CIK cells were incubated with or without VP7 for 2 h, and after that, cells were collected for electron microscope observation as previously described [41]. Briefly, CIK cells were immobilized at 4°C by 2.5% glutaraldehyde overnight. After that, the cells were postfixed in 1% osmium tetroxide for 1 h, followed by washing with Dulbecco’s PBS (DPBS), dehydrated, embedded, sectioned, and stained using 2% uranyl acetate and lead citrate. Finally, images were acquired by transmission electron microscopy (H-7650; Hitachi, Tokyo, Japan).

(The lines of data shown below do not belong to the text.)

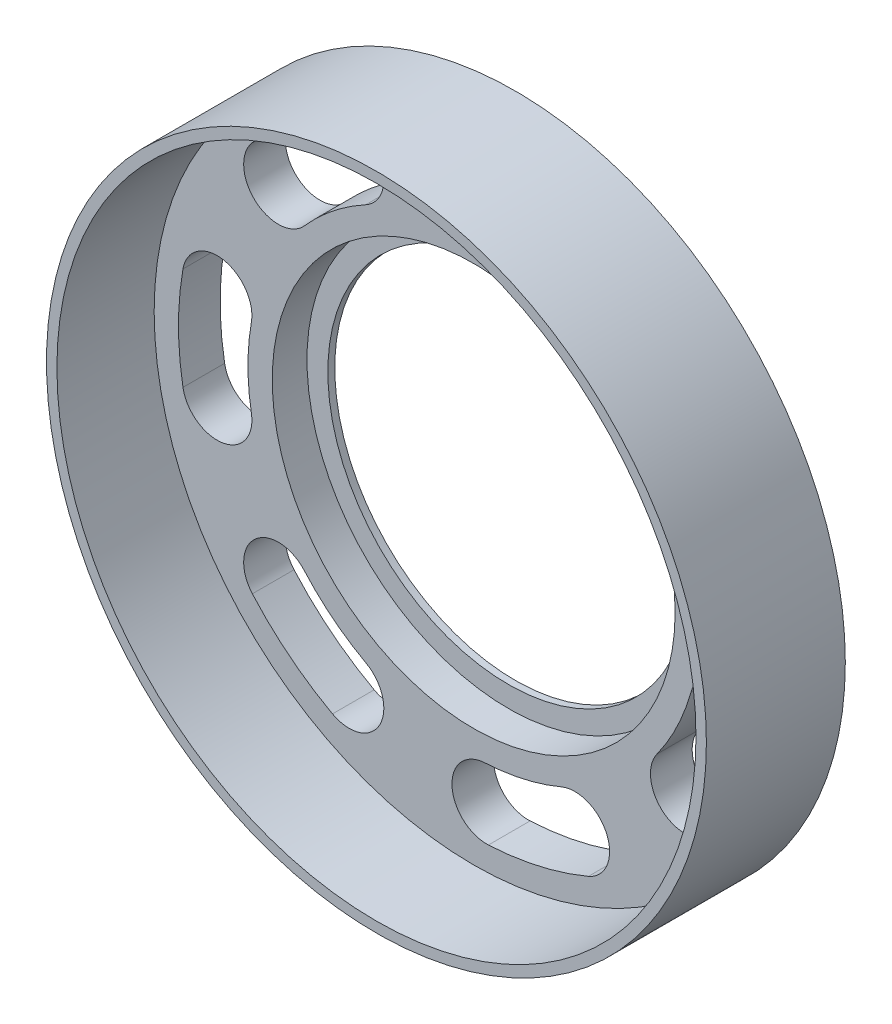
SolidWorks part; units mm, degrees
note: The reader was unsure of these and kept them because the rebuilt part matched: shared geometry of "Sketch1<5>", "Sketch1<7>".
ref_plane "Front Plane" through (0, 0, 0) normal (0, 0, 1) x (1, 0, 0)
ref_plane "Top Plane" through (0, 0, 0) normal (0, 1, 0) x (1, 0, 0)
ref_plane "Right Plane" through (0, 0, 0) normal (1, 0, 0) x (0, 0, -1)
sketch "Sketch1" plane through (0, 0, 0) normal (0, 0, 1) x (1, 0, 0)
  line L2 (0, 0) -> (-77.7202, 0) construction
  line L3 (0, 0) -> (-86.485, 15.2496) construction
  circle A0 centre (0, 0) radius 29
  circle A1 centre (0, 0) radius 47.5
  circle A4 centre (0, 0) radius 46
  circle A5 centre (0, 0) radius 32.5 construction
  circle A6 centre (0, 0) radius 42.5 construction
  arc A7 (-41.8543, 7.38) -> (-32.0063, 5.6436) centre (-36.9303, 6.5118) cw
  arc A8 (-41.8543, -7.38) -> (-32.0063, -5.6436) centre (-36.9303, -6.5118) ccw
  arc A9 (-41.8543, 7.38) -> (-41.8543, -7.38) centre (0, 0) ccw
  arc A10 (-32.0063, 5.6436) -> (-32.0063, -5.6436) centre (0, 0) ccw
  arc A11 (-15.5433, 28.5422) -> (-24.3679, 21.5048) centre (0, 0) ccw
  arc A12 (-31.8657, 28.1216) -> (-24.3679, 21.5048) centre (-28.1168, 24.8132) ccw
  arc A13 (-20.3258, 37.3244) -> (-31.8657, 28.1216) centre (0, 0) ccw
  arc A14 (-20.3258, 37.3244) -> (-15.5433, 28.5422) centre (-17.9345, 32.9333) cw
  arc A15 (12.6241, 29.948) -> (1.62, 32.4596) centre (0, 0) ccw
  arc A16 (2.1185, 42.4472) -> (1.62, 32.4596) centre (1.8692, 37.4534) ccw
  arc A17 (16.5085, 39.1627) -> (2.1185, 42.4472) centre (0, 0) ccw
  arc A18 (16.5085, 39.1627) -> (12.6241, 29.948) centre (14.5663, 34.5554) cw
  arc A19 (31.2853, 8.8023) -> (26.388, 18.9717) centre (0, 0) ccw
  arc A20 (34.5074, 24.8091) -> (26.388, 18.9717) centre (30.4477, 21.8904) ccw
  arc A21 (40.9115, 11.5107) -> (34.5074, 24.8091) centre (0, 0) ccw
  arc A22 (40.9115, 11.5107) -> (31.2853, 8.8023) centre (36.0984, 10.1565) cw
  arc A23 (26.388, -18.9717) -> (31.2853, -8.8023) centre (0, 0) ccw
  arc A24 (40.9115, -11.5107) -> (31.2853, -8.8023) centre (36.0984, -10.1565) ccw
  arc A25 (34.5074, -24.8091) -> (40.9115, -11.5107) centre (0, 0) ccw
  arc A26 (34.5074, -24.8091) -> (26.388, -18.9717) centre (30.4477, -21.8904) cw
  arc A27 (1.62, -32.4596) -> (12.6241, -29.948) centre (0, 0) ccw
  arc A28 (16.5085, -39.1627) -> (12.6241, -29.948) centre (14.5663, -34.5554) ccw
  arc A29 (2.1185, -42.4472) -> (16.5085, -39.1627) centre (0, 0) ccw
  arc A30 (2.1185, -42.4472) -> (1.62, -32.4596) centre (1.8692, -37.4534) cw
  arc A31 (-24.3679, -21.5048) -> (-15.5433, -28.5422) centre (0, 0) ccw
  arc A32 (-20.3258, -37.3244) -> (-15.5433, -28.5422) centre (-17.9345, -32.9333) ccw
  arc A33 (-31.8657, -28.1216) -> (-20.3258, -37.3244) centre (0, 0) ccw
  arc A34 (-31.8657, -28.1216) -> (-24.3679, -21.5048) centre (-28.1168, -24.8132) cw
  circle A35 centre (0, 0) radius 26
  dimension "D1" = 58
  dimension "D2" = 95
  dimension "D3" = 3
  dimension "D5" = 85
  dimension "D6" = 65
  dimension "D7" = 10
  dimension "D8" = 7
  dimension "D4" = 1.5
extrude "Boss-Extrude1" add sketch "Sketch1" along normal blind 20 contours A1 A4
extrude "Boss-Extrude2" add sketch "Sketch1<5>" along normal blind 6 contours A4 A35
sketch "Sketch1<5>" plane through (0, 0, 0) normal (0, 0, 1) x (1, 0, 0) same geometry as "Sketch1"
extrude "Boss-Extrude4" add sketch "Sketch1<7>" along normal blind 1 contours A0 A35
sketch "Sketch1<7>" plane through (0, 0, 0) normal (0, 0, 1) x (1, 0, 0) same geometry as "Sketch1"

CIK cells were cultured at 28°C overnight and then infected with GCRV; some cells were transferred from 28°C to 18°C for 24 h and the others continued to be incubated at 28°C for 24 h. After that, cells were collected for electron microscopy analysis.

Statistical analysis.

Statistical analysis was performed using unpaired two-tailed Student’s t test or one-way analysis of variance (ANOVA) between different groups. A P value of <0.05 was considered statistically significant. In figures, statistical significance is indicated as follows: *, P < 0.05; **, P < 0.01; and ***, P < 0.001. Data are representative of three independent experiments and are shown as the mean ± standard deviations (SD). For heat map analysis and volcano plot, a transcriptomic data matrix normalized by autoscaling was exported into a txt file and analyzed using TBtools software interface with an in-house R script.

Data availability.

The data that support the findings of this study are available on request from the corresponding author.